From the Department of Molecular Genetics, Biochemistry, and Microbiology, University of Cincinnati College of Medicine, Cincinnati, Ohio 45267.
J Biol Chem. 2013 Oct 4;288(40):28925-35. doi: 10.1074/jbc.M113.466466. Epub 2013 Aug 19.

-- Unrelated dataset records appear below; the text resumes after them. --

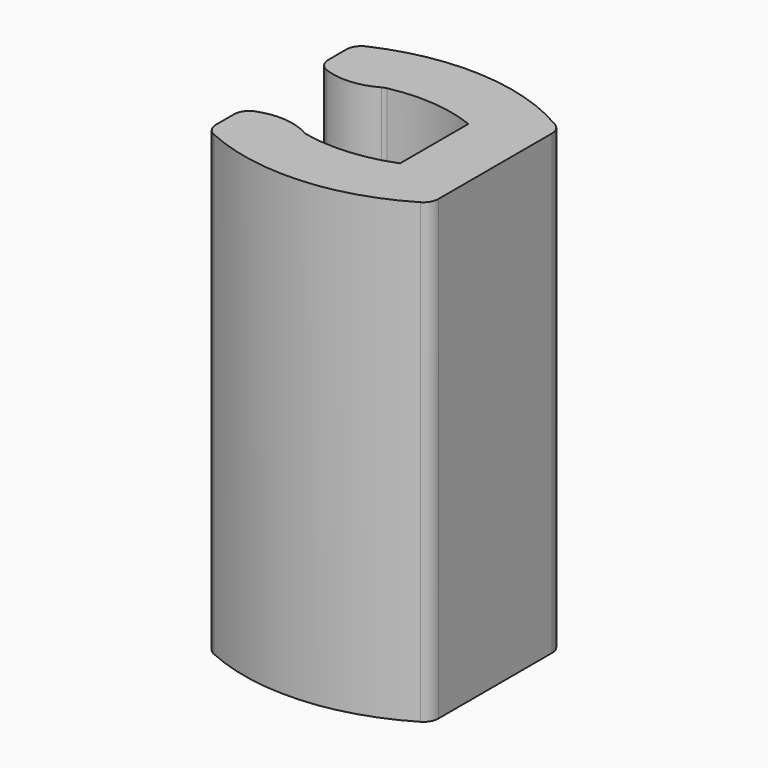
from build123d import *

# Parameters (mm, degrees)
F1_DEPTH = 15
F2_R     = 0.5


with BuildPart() as f1:
    # F0 (on Top) → F1 (new body)
    with BuildSketch(Plane.XY):
        with BuildLine():
            ThreePointArc((0.314997359, 1.625), (1.8064242174, 1.7355083888), (3.2638192562, 1.4))
            Line((3.2638192562, 1.4), (3.2638192562, -1.4))
            ThreePointArc((3.2638192562, -1.4), (1.8064242174, -1.7355083888), (0.314997359, -1.625))
            ThreePointArc((0.314997359, -1.625), (-0.7212203567, -1.3356293712), (-1.7574380725, -1.625))
            Line((-1.7574380725, -1.625), (-1.7574380725, -2.9842268265))
            ThreePointArc((-1.7574380725, -2.9842268265), (1.8043736859, -3.739767503), (5.2638192562, -2.604170276))
            Line((5.2638192562, -2.604170276), (5.2638192562, 2.604170276))
            ThreePointArc((5.2638192562, 2.604170276), (1.8043736859, 3.739767503), (-1.7574380725, 2.9842268265))
            Line((-1.7574380725, 2.9842268265), (-1.7574380725, 1.625))
            ThreePointArc((-1.7574380725, 1.625), (-0.7212203567, 1.3356293712), (0.314997359, 1.625))
        make_face()
    extrude(amount=F1_DEPTH)

    # F2
    f2_edges = [f1.edges().sort_by_distance(p)[0] for p in [
        (0.314997, 1.625, 7.5),
        (0.314997, -1.625, 7.5),
        (-1.757438, -1.625, 7.5),
        (-1.757438, -2.984227, 7.5),
        (5.263819, -2.60417, 7.5),
        (5.263819, 2.60417, 7.5),
        (-1.757438, 2.984227, 7.5),
        (-1.757438, 1.625, 7.5),
    ]]
    fillet(f2_edges, radius=F2_R)


solid = f1.part

Studies indicate that tropomyosin (Tm) phosphorylation status varies in different mouse models of cardiac disease. Investigation of basal and acute cardiac function utilizing a mouse model expressing an α-Tm protein that cannot be phosphorylated (S283A) shows a compensated hypertrophic phenotype with significant increases in SERCA2a expression and phosphorylation of phospholamban Ser-16 (Schulz, E. M., Correll, R. N., Sheikh, H. N., Lofrano-Alves, M. S., Engel, P. L., Newman, G., Schultz Jel, J., Molkentin, J. D., Wolska, B. M., Solaro, R. J., and Wieczorek, D. F. (2012) J. Biol. Chem. 287, 44478-44489). With these results, we hypothesized that decreasing α-Tm phosphorylation may be beneficial in the context of a chronic, intrinsic stressor. To test this hypothesis, we utilized the familial hypertrophic cardiomyopathy (FHC) α-Tm E180G model (Prabhakar, R., Boivin, G. P., Grupp, I. L., Hoit, B., Arteaga, G., Solaro, R. J., and Wieczorek, D. F. (2001) J. Mol. Cell. Cardiol. 33, 1815-1828). These FHC hearts are characterized by increased heart:body weight ratios, fibrosis, increased myofilament Ca(2+) sensitivity, and contractile defects. The FHC mice die by 6-8 months of age. We generated mice expressing both the E180G and S283A mutations and found that the hypertrophic phenotype was rescued in the α-Tm E180G/S283A double mutant transgenic animals; these mice exhibited no signs of cardiac hypertrophy and displayed improved cardiac function. These double mutant transgenic hearts showed increased phosphorylation of phospholamban Ser-16 and Thr-17 compared with the α-Tm E180G mice. This is the first study to demonstrate that decreasing phosphorylation of tropomyosin can rescue a hypertrophic cardiomyopathic phenotype.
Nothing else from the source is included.